EXERCISE AIM: Please write out every entry below exactly, leaving out any pictures.

*** Opening MATERIALS PROVIDED ***

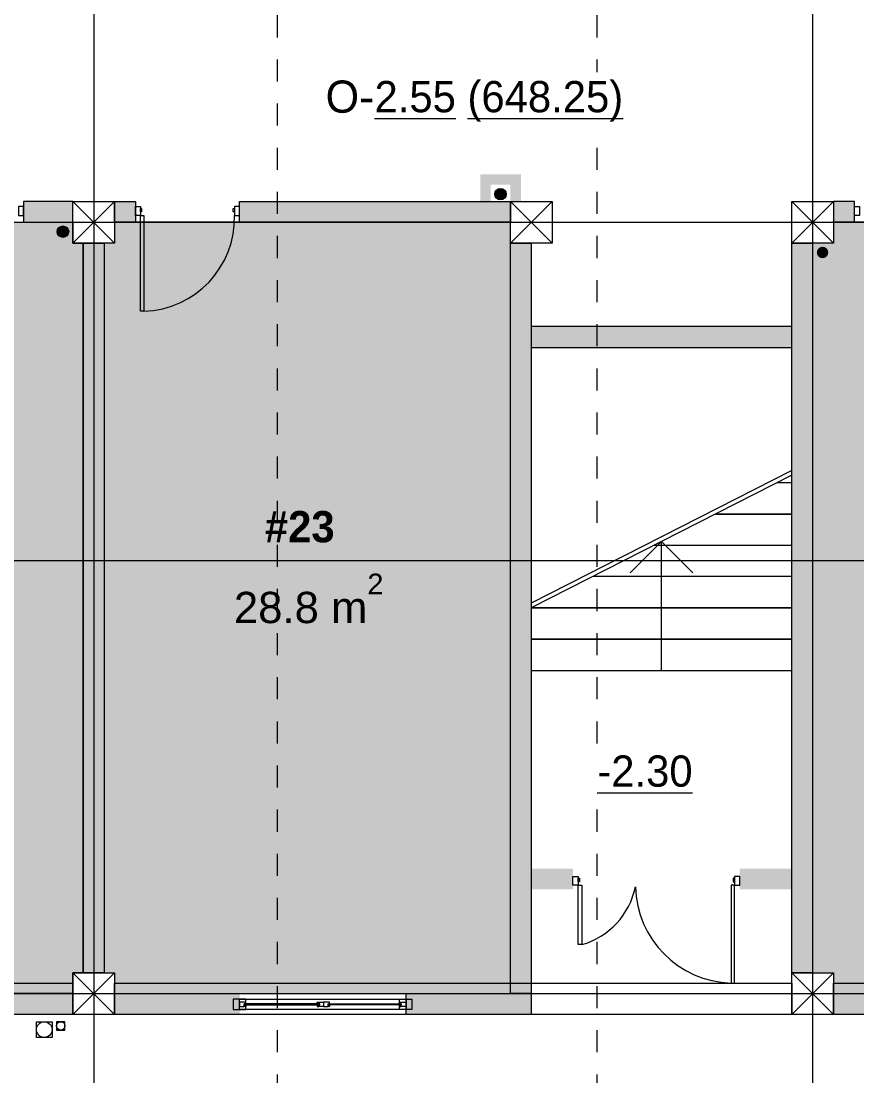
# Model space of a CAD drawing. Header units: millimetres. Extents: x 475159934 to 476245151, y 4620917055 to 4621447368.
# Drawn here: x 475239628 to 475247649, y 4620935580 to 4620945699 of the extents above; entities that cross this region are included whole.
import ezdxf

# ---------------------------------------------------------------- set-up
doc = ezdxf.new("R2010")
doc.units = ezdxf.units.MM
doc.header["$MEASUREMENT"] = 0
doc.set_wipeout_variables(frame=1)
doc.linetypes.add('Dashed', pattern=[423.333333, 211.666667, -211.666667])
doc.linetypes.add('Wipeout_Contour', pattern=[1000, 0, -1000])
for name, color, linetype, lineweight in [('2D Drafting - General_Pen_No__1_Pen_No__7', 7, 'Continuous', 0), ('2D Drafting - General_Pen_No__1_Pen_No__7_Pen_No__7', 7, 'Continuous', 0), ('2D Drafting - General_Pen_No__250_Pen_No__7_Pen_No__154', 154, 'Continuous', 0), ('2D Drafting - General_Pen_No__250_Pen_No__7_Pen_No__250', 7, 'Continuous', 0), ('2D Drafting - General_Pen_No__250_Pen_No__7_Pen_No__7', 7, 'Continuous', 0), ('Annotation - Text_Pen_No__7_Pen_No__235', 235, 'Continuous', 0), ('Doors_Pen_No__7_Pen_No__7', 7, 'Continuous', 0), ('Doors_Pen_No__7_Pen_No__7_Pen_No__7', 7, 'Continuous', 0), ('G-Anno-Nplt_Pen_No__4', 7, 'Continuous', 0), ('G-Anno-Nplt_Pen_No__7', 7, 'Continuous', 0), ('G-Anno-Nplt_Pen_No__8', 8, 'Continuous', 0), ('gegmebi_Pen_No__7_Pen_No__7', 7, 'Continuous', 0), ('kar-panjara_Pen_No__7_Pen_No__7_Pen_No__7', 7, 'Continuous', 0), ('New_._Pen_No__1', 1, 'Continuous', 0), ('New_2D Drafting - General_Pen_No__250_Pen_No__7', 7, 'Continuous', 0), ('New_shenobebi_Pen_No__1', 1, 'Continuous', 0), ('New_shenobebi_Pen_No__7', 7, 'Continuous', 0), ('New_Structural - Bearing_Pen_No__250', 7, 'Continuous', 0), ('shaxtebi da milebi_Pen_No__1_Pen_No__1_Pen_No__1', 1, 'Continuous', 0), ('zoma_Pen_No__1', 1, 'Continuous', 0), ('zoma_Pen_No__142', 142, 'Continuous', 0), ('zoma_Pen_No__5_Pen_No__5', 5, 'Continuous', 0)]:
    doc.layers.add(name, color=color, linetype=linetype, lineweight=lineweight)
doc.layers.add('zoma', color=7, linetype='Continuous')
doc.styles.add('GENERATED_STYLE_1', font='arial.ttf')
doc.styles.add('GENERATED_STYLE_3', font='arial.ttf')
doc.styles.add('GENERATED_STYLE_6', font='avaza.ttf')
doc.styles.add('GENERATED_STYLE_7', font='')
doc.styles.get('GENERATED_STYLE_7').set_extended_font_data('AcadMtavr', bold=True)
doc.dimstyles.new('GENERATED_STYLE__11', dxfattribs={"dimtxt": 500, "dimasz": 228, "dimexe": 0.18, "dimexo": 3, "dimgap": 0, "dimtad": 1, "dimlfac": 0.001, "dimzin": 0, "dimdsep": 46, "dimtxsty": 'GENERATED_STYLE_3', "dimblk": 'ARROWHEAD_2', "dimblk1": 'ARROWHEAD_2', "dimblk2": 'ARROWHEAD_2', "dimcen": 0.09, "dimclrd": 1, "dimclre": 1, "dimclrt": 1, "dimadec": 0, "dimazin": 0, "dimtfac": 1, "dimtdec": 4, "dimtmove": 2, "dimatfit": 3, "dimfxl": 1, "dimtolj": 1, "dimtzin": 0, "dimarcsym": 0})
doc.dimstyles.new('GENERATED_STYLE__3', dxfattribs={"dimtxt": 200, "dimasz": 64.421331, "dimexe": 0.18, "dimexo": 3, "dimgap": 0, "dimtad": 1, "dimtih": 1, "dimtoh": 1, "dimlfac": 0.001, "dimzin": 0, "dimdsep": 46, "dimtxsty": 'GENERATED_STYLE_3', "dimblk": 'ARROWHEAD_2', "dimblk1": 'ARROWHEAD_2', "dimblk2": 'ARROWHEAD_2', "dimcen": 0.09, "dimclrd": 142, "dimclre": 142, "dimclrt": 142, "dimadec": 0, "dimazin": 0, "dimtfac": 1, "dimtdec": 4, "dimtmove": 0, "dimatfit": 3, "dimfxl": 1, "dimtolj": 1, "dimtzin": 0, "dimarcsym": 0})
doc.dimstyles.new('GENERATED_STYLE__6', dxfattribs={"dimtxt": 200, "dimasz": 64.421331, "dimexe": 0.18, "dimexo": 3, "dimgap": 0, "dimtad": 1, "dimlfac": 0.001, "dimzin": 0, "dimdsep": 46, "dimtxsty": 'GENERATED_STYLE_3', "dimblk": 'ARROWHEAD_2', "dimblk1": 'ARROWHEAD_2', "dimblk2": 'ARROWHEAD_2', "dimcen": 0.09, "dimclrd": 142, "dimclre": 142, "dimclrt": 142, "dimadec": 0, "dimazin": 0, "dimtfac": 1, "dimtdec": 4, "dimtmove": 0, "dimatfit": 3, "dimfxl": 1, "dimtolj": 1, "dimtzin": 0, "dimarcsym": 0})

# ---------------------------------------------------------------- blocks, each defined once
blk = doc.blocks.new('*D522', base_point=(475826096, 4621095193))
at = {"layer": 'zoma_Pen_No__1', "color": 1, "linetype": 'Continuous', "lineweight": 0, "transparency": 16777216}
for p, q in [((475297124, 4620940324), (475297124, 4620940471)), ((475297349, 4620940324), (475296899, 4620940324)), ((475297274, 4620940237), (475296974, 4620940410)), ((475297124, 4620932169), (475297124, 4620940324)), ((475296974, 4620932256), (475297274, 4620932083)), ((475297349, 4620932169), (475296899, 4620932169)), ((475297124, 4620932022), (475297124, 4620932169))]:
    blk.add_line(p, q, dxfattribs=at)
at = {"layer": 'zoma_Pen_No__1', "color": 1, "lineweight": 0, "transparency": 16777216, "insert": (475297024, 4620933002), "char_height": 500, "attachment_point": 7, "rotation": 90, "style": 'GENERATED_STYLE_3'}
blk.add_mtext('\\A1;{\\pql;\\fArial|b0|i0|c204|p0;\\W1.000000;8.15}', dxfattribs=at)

*** Closing MATERIALS PROVIDED ***

RESPONSE TO THIS EXERCISE:
# Model space of a CAD drawing. Header units: millimetres. Extents: x 475159934 to 476245151, y 4620917055 to 4621447368.
# Drawn here: x 475239628 to 475247649, y 4620935580 to 4620945699 of the extents above; entities that cross this region are included whole.
import ezdxf

# ---------------------------------------------------------------- set-up
doc = ezdxf.new("R2010")
doc.units = ezdxf.units.MM
doc.header["$MEASUREMENT"] = 0
doc.set_wipeout_variables(frame=1)
doc.linetypes.add('Dashed', pattern=[423.333333, 211.666667, -211.666667])
doc.linetypes.add('Wipeout_Contour', pattern=[1000, 0, -1000])
for name, color, linetype, lineweight in [('2D Drafting - General_Pen_No__1_Pen_No__7', 7, 'Continuous', 0), ('2D Drafting - General_Pen_No__1_Pen_No__7_Pen_No__7', 7, 'Continuous', 0), ('2D Drafting - General_Pen_No__250_Pen_No__7_Pen_No__154', 154, 'Continuous', 0), ('2D Drafting - General_Pen_No__250_Pen_No__7_Pen_No__250', 7, 'Continuous', 0), ('2D Drafting - General_Pen_No__250_Pen_No__7_Pen_No__7', 7, 'Continuous', 0), ('Annotation - Text_Pen_No__7_Pen_No__235', 235, 'Continuous', 0), ('Doors_Pen_No__7_Pen_No__7', 7, 'Continuous', 0), ('Doors_Pen_No__7_Pen_No__7_Pen_No__7', 7, 'Continuous', 0), ('G-Anno-Nplt_Pen_No__4', 7, 'Continuous', 0), ('G-Anno-Nplt_Pen_No__7', 7, 'Continuous', 0), ('G-Anno-Nplt_Pen_No__8', 8, 'Continuous', 0), ('gegmebi_Pen_No__7_Pen_No__7', 7, 'Continuous', 0), ('kar-panjara_Pen_No__7_Pen_No__7_Pen_No__7', 7, 'Continuous', 0), ('New_._Pen_No__1', 1, 'Continuous', 0), ('New_2D Drafting - General_Pen_No__250_Pen_No__7', 7, 'Continuous', 0), ('New_shenobebi_Pen_No__1', 1, 'Continuous', 0), ('New_shenobebi_Pen_No__7', 7, 'Continuous', 0), ('New_Structural - Bearing_Pen_No__250', 7, 'Continuous', 0), ('shaxtebi da milebi_Pen_No__1_Pen_No__1_Pen_No__1', 1, 'Continuous', 0), ('zoma_Pen_No__1', 1, 'Continuous', 0), ('zoma_Pen_No__142', 142, 'Continuous', 0), ('zoma_Pen_No__5_Pen_No__5', 5, 'Continuous', 0)]:
    doc.layers.add(name, color=color, linetype=linetype, lineweight=lineweight)
doc.layers.add('zoma', color=7, linetype='Continuous')
doc.styles.add('GENERATED_STYLE_1', font='arial.ttf')
doc.styles.add('GENERATED_STYLE_3', font='arial.ttf')
doc.styles.add('GENERATED_STYLE_6', font='avaza.ttf')
doc.styles.add('GENERATED_STYLE_7', font='')
doc.styles.get('GENERATED_STYLE_7').set_extended_font_data('AcadMtavr', bold=True)
doc.dimstyles.new('GENERATED_STYLE__11', dxfattribs={"dimtxt": 500, "dimasz": 228, "dimexe": 0.18, "dimexo": 3, "dimgap": 0, "dimtad": 1, "dimlfac": 0.001, "dimzin": 0, "dimdsep": 46, "dimtxsty": 'GENERATED_STYLE_3', "dimblk": 'ARROWHEAD_2', "dimblk1": 'ARROWHEAD_2', "dimblk2": 'ARROWHEAD_2', "dimcen": 0.09, "dimclrd": 1, "dimclre": 1, "dimclrt": 1, "dimadec": 0, "dimazin": 0, "dimtfac": 1, "dimtdec": 4, "dimtmove": 2, "dimatfit": 3, "dimfxl": 1, "dimtolj": 1, "dimtzin": 0, "dimarcsym": 0})
doc.dimstyles.new('GENERATED_STYLE__3', dxfattribs={"dimtxt": 200, "dimasz": 64.421331, "dimexe": 0.18, "dimexo": 3, "dimgap": 0, "dimtad": 1, "dimtih": 1, "dimtoh": 1, "dimlfac": 0.001, "dimzin": 0, "dimdsep": 46, "dimtxsty": 'GENERATED_STYLE_3', "dimblk": 'ARROWHEAD_2', "dimblk1": 'ARROWHEAD_2', "dimblk2": 'ARROWHEAD_2', "dimcen": 0.09, "dimclrd": 142, "dimclre": 142, "dimclrt": 142, "dimadec": 0, "dimazin": 0, "dimtfac": 1, "dimtdec": 4, "dimtmove": 0, "dimatfit": 3, "dimfxl": 1, "dimtolj": 1, "dimtzin": 0, "dimarcsym": 0})
doc.dimstyles.new('GENERATED_STYLE__6', dxfattribs={"dimtxt": 200, "dimasz": 64.421331, "dimexe": 0.18, "dimexo": 3, "dimgap": 0, "dimtad": 1, "dimlfac": 0.001, "dimzin": 0, "dimdsep": 46, "dimtxsty": 'GENERATED_STYLE_3', "dimblk": 'ARROWHEAD_2', "dimblk1": 'ARROWHEAD_2', "dimblk2": 'ARROWHEAD_2', "dimcen": 0.09, "dimclrd": 142, "dimclre": 142, "dimclrt": 142, "dimadec": 0, "dimazin": 0, "dimtfac": 1, "dimtdec": 4, "dimtmove": 0, "dimatfit": 3, "dimfxl": 1, "dimtolj": 1, "dimtzin": 0, "dimarcsym": 0})

# ---------------------------------------------------------------- blocks, each defined once
blk = doc.blocks.new('*D522', base_point=(475826096, 4621095193))
at = {"layer": 'zoma_Pen_No__1', "color": 1, "linetype": 'Continuous', "lineweight": 0, "transparency": 16777216}
for p, q in [((475297124, 4620940324), (475297124, 4620940471)), ((475297349, 4620940324), (475296899, 4620940324)), ((475297274, 4620940237), (475296974, 4620940410)), ((475297124, 4620932169), (475297124, 4620940324)), ((475296974, 4620932256), (475297274, 4620932083)), ((475297349, 4620932169), (475296899, 4620932169)), ((475297124, 4620932022), (475297124, 4620932169))]:
    blk.add_line(p, q, dxfattribs=at)
at = {"layer": 'zoma_Pen_No__1', "color": 1, "lineweight": 0, "transparency": 16777216, "insert": (475297024, 4620933002), "char_height": 500, "attachment_point": 7, "rotation": 90, "style": 'GENERATED_STYLE_3'}
blk.add_mtext('\\A1;{\\pql;\\fArial|b0|i0|c204|p0;\\W1.000000;8.15}', dxfattribs=at)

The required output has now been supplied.